Insert or update rows in MS Access database in Python

Question

I've got an MS Access table (SearchAdsAccountLevel) which needs to be updated frequently from a python script. I've set up the pyodbc connection and now I would like to UPDATE/INSERT rows from my pandas df to the MS Access table based on whether the Date_ AND CampaignId fields match with the df data.

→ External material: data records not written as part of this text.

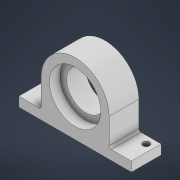
# Autodesk Inventor part: Halterung_Differential_3
Saved by Autodesk Inventor 2021 (Build 250183000, 183)
## iProperties
Created: 2021-01-24
Part Number: Halterung_Differential_3
Material: Generisch
Document SubType Name: Modeling
Designer: Ctroi
Density: 1 g/cm^3
Appearance: Vorgabe
Author: Ctroi
Autodesk Inventor part; units mm, degrees
ref_plane "YZ Plane" through (0, 0, 0) normal (1, 0, 0) x (0, 1, 0)
ref_plane "XZ Plane" through (0, 0, 0) normal (0, 1, 0) x (-1, 0, 0)
ref_plane "XY Plane" through (0, 0, 0) normal (0, 0, 1) x (1, 0, 0)
sketch "Skizze1" plane through (0, 0, 0) normal (0, 0, 1) x (1, 0, 0)
  line L0 (0, 22.4) -> (0, -22.4) projected
  line L1 (-22.4, 0) -> (22.4, 0) projected
  line L2 (-16, 16) -> (16, 16)
  line L3 (16, 16) -> (16, -16)
  line L4 (16, -16) -> (-16, -16)
  line L5 (-16, -16) -> (-16, 16)
  circle A0 centre (0, 0) radius 12.1
  dimension "d0" = 32
  dimension "d1" = 32
  dimension "d2" = 24.2
  constraints: 8 end point, 2 parallel, 1 centre point, 1 coincident, 1 horizontal, 1 perpendicular, 2 other
  measures "d0" distance of L3.end L4.end
  measures "d1" distance of L2.end L3.end
  measures "d2" diameter of A0
extrude "Extrusion1" add sketch "Skizze1" along normal blind 14 contours L2 L3 L1 A0 L0 | L0 A0 L1 L5 L2 | L1 L3 L4 L0 A0 | A0 L0 L4 L5 L1
sketch "Skizze2" plane through (16, -16, 0) normal (1, 0, 0) x (0, 0, -1)
  line L0 (-14, 32) -> (-14, 0) projected
  line L1 (0, 32) -> (0, 0) projected
  line L2 (-14, 0) -> (0, 0)
  line L3 (0, 0) -> (0, 3)
  line L4 (0, 3) -> (-14, 3)
  line L5 (-14, 3) -> (-14, 0)
  point P0 (0, 16)
  point P1 (-14, 3)
  dimension "d5" = 3
  constraints: 8 end point, 2 parallel, 1 horizontal, 1 perpendicular, 1 point on line
  measures "d5" distance of L3.end L2.end
sketch "Skizze3" plane through (-16, -16, 0) normal (-1, 0, 0) x (0, 0, 1)
  line L0 (14, 32) -> (14, 0) projected
  line L1 (0, 32) -> (0, 0) projected
  line L2 (14, 0) -> (0, 0)
  line L3 (0, 0) -> (0, 3)
  line L4 (0, 3) -> (14, 3)
  line L5 (14, 3) -> (14, 0)
  point P0 (0, 16)
  point P1 (14, 3)
  dimension "d6" = 3
  constraints: 8 end point, 2 parallel, 1 horizontal, 1 perpendicular, 1 point on line
  measures "d6" distance of L2.end L3.end
extrude "Extrusion2" add sketch "Skizze3" along normal blind 10.5
extrude "Extrusion3" add sketch "Skizze2" along normal blind 10.5
sketch "Skizze4" plane through (0, 0, 0) normal (0, 0, -1) x (-1, 0, 0)
  circle A0 centre (0, 0) radius 12.1
  circle A1 centre (0, 0) radius 12.1 projected
  circle A2 centre (0, 0) radius 9
  dimension "d11" = 24.2
  dimension "d12" = 18
  constraints: 2 centre point, 2 coincident
  measures "d11" diameter of A0
  measures "d12" diameter of A2
extrude "Extrusion4" add sketch "Skizze4" against normal blind 9
fillet "Rundung1" radius 16 2 edges at (16, 16, 7) (-16, 16, 7)
sketch "Skizze5" plane through (16, -13, 14) normal (0, 1, 0) x (1, 0, 0)
  circle A0 centre (-39, 10.5) radius 1.6
  line L0 (-32, 14) -> (-42.5, 14) projected
  line L1 (-42.5, 0) -> (-42.5, 14) projected
  circle A1 centre (7, 10.5) radius 1.6
  line L2 (0, 14) -> (10.5, 14) projected
  line L3 (10.5, 14) -> (10.5, 0) projected
  point P0 (-16, 14)
  dimension "d16" = 3.2
  dimension "d17" = 3.5
  dimension "d18" = 3.5
  dimension "d19" = 3.2
  dimension "d20" = 3.5
  dimension "d21" = 3.5
  constraints: 2 centre point
  measures "d16" diameter of A0
  measures "d17" distance from line of L0 A0.centre
  measures "d18" distance from line of L1 A0.centre
  measures "d19" diameter of A1
  measures "d20" distance from line of L2 A1.centre
  measures "d21" distance from line of L3 A1.centre
extrude "Extrusion5" cut sketch "Skizze5" against normal up to surface (3 mm away)
fillet "Rundung2" radius 1 2 edges at (-16, -13, 7) (16, -13, 7)
sketch "Skizze6" plane through (-26.5, -16, 0) normal (0, -1, 0) x (1, 0, 0)
  line L0 (53, 14) -> (0, 14) projected
  line L1 (53, 14) -> (53, 0) projected
  line L2 (0, 14) -> (53, 14)
  line L3 (53, 14) -> (53, 0)
  line L4 (53, 0) -> (0, 0)
  line L5 (0, 0) -> (0, 14)
  circle A0 centre (3.5, 3.5) radius 1.6 projected
  circle A1 centre (3.5, 3.5) radius 1.6
  circle A2 centre (49.5, 3.5) radius 1.6 projected
  circle A3 centre (49.5, 3.5) radius 1.6
  point P0 (26.5, 0)
  dimension "d25" = 3.2
  dimension "d26" = 3.2
  constraints: 8 end point, 2 centre point, 2 coincident, 2 parallel, 1 horizontal, 1 perpendicular
  measures "d25" diameter of A3
  measures "d26" diameter of A1
extrude "Extrusion6" add sketch "Skizze6" along normal blind 1.5
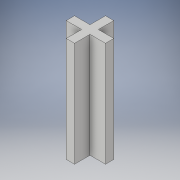
# Autodesk Inventor part: Brazo_union
Saved by Autodesk Inventor 2019 (Build 230136000, 136)
## iProperties
Created: 2020-02-09
Part Number: Brazo_union
Material: Generic
Document SubType Name: Modeling
Designer: Omar
Density: 1 g/cm^3
Appearance: Default
Author: Omar
Autodesk Inventor part; units mm, degrees
ref_plane "YZ Plane" through (0, 0, 0) normal (1, 0, 0) x (0, 1, 0)
ref_plane "XZ Plane" through (0, 0, 0) normal (0, 1, 0) x (-1, 0, 0)
ref_plane "XY Plane" through (0, 0, 0) normal (0, 0, 1) x (1, 0, 0)
sketch "Sketch1" plane through (0, 0, 0) normal (0, 1, 0) x (-1, 0, 0)
  line L0 (-7.5, 1.59) -> (7.5, 1.59)
  line L1 (7.5, 1.59) -> (7.5, -1.59)
  line L2 (7.5, -1.59) -> (-7.5, -1.59)
  line L3 (-7.5, -1.59) -> (-7.5, 1.59)
  line L4 (-7.5, 1.59) -> (7.5, -1.59) construction
  line L5 (7.5, 1.59) -> (-7.5, -1.59) construction
  line L6 (-1.59, 7.5) -> (1.59, 7.5)
  line L7 (1.59, 7.5) -> (1.59, -7.5)
  line L8 (1.59, -7.5) -> (-1.59, -7.5)
  line L9 (-1.59, -7.5) -> (-1.59, 7.5)
  line L10 (-1.59, 7.5) -> (1.59, -7.5) construction
  line L11 (1.59, 7.5) -> (-1.59, -7.5) construction
  point P0 (0, 0)
  dimension "d0" = 15
  dimension "d1" = 3.18
  dimension "d2" = 3.18
  dimension "d3" = 15
  constraints: 24 end point, 4 midpoint, 4 parallel, 2 horizontal, 2 perpendicular
  measures "d0" distance of L1.end L2.end
  measures "d1" distance of L0.end L1.end
  measures "d2" distance of L7.end L8.end
  measures "d3" distance of L6.end L7.end
extrude "Extrusion1" add sketch "Sketch1" along normal blind 40
body "Solid1"

Looking at previous examples I've built the UPDATE statement which uses iterrows to iterate through all rows within df and execute the SQL code as per below:

    connection_string = (
            r"Driver={Microsoft Access Driver (*.mdb, *.accdb)};"
            r"c:\AccessDatabases\Database2.accdb;"
    )
    cnxn = pyodbc.connect(connection_string, autocommit=True)
    crsr = cnxn.cursor()

    for index, row in df.iterrows():
            crsr.execute("UPDATE SearchAdsAccountLevel SET [OrgId]=?, [CampaignName]=?, [CampaignStatus]=?, [Storefront]=?, [AppName]=?, [AppId]=?, [TotalBudgetAmount]=?, [TotalBudgetCurrency]=?, [DailyBudgetAmount]=?, [DailyBudgetCurrency]=?, [Impressions]=?, [Taps]=?, [Conversions]=?, [ConversionsNewDownloads]=?, [ConversionsRedownloads]=?, [Ttr]=?, [LocalSpendAmount]=?, [LocalSpendCurrency]=?, [ConversionRate]=?, [Week_]=?, [Month_]=?, [Year_]=?, [Quarter]=?, [FinancialYear]=?, [RowUpdatedTime]=? WHERE [Date_]=? AND [CampaignId]=?",
                        row['OrgId'],
                        row['CampaignName'],
                        row['CampaignStatus'],
                        row['Storefront'],
                        row['AppName'],
                        row['AppId'],
                        row['TotalBudgetAmount'],
                        row['TotalBudgetCurrency'],
                        row['DailyBudgetAmount'],
                        row['DailyBudgetCurrency'],
                        row['Impressions'],
                        row['Taps'],
                        row['Conversions'],
                        row['ConversionsNewDownloads'],
                        row['ConversionsRedownloads'],
                        row['Ttr'],
                        row['LocalSpendAmount'],
                        row['LocalSpendCurrency'],
                        row['ConversionRate'],
                        row['Week_'],
                        row['Month_'],
                        row['Year_'],
                        row['Quarter'],
                        row['FinancialYear'],
                        row['RowUpdatedTime'],
                        row['Date_'],
                        row['CampaignId'])
crsr.commit()

I would like to iterate through each row within my df (around 3000) and if the ['Date_'] AND ['CampaignId'] match I UPDATE all other fields. Otherwise I want to INSERT the whole df row in my Access Table (create new row). What's the most efficient and effective way to achieve this?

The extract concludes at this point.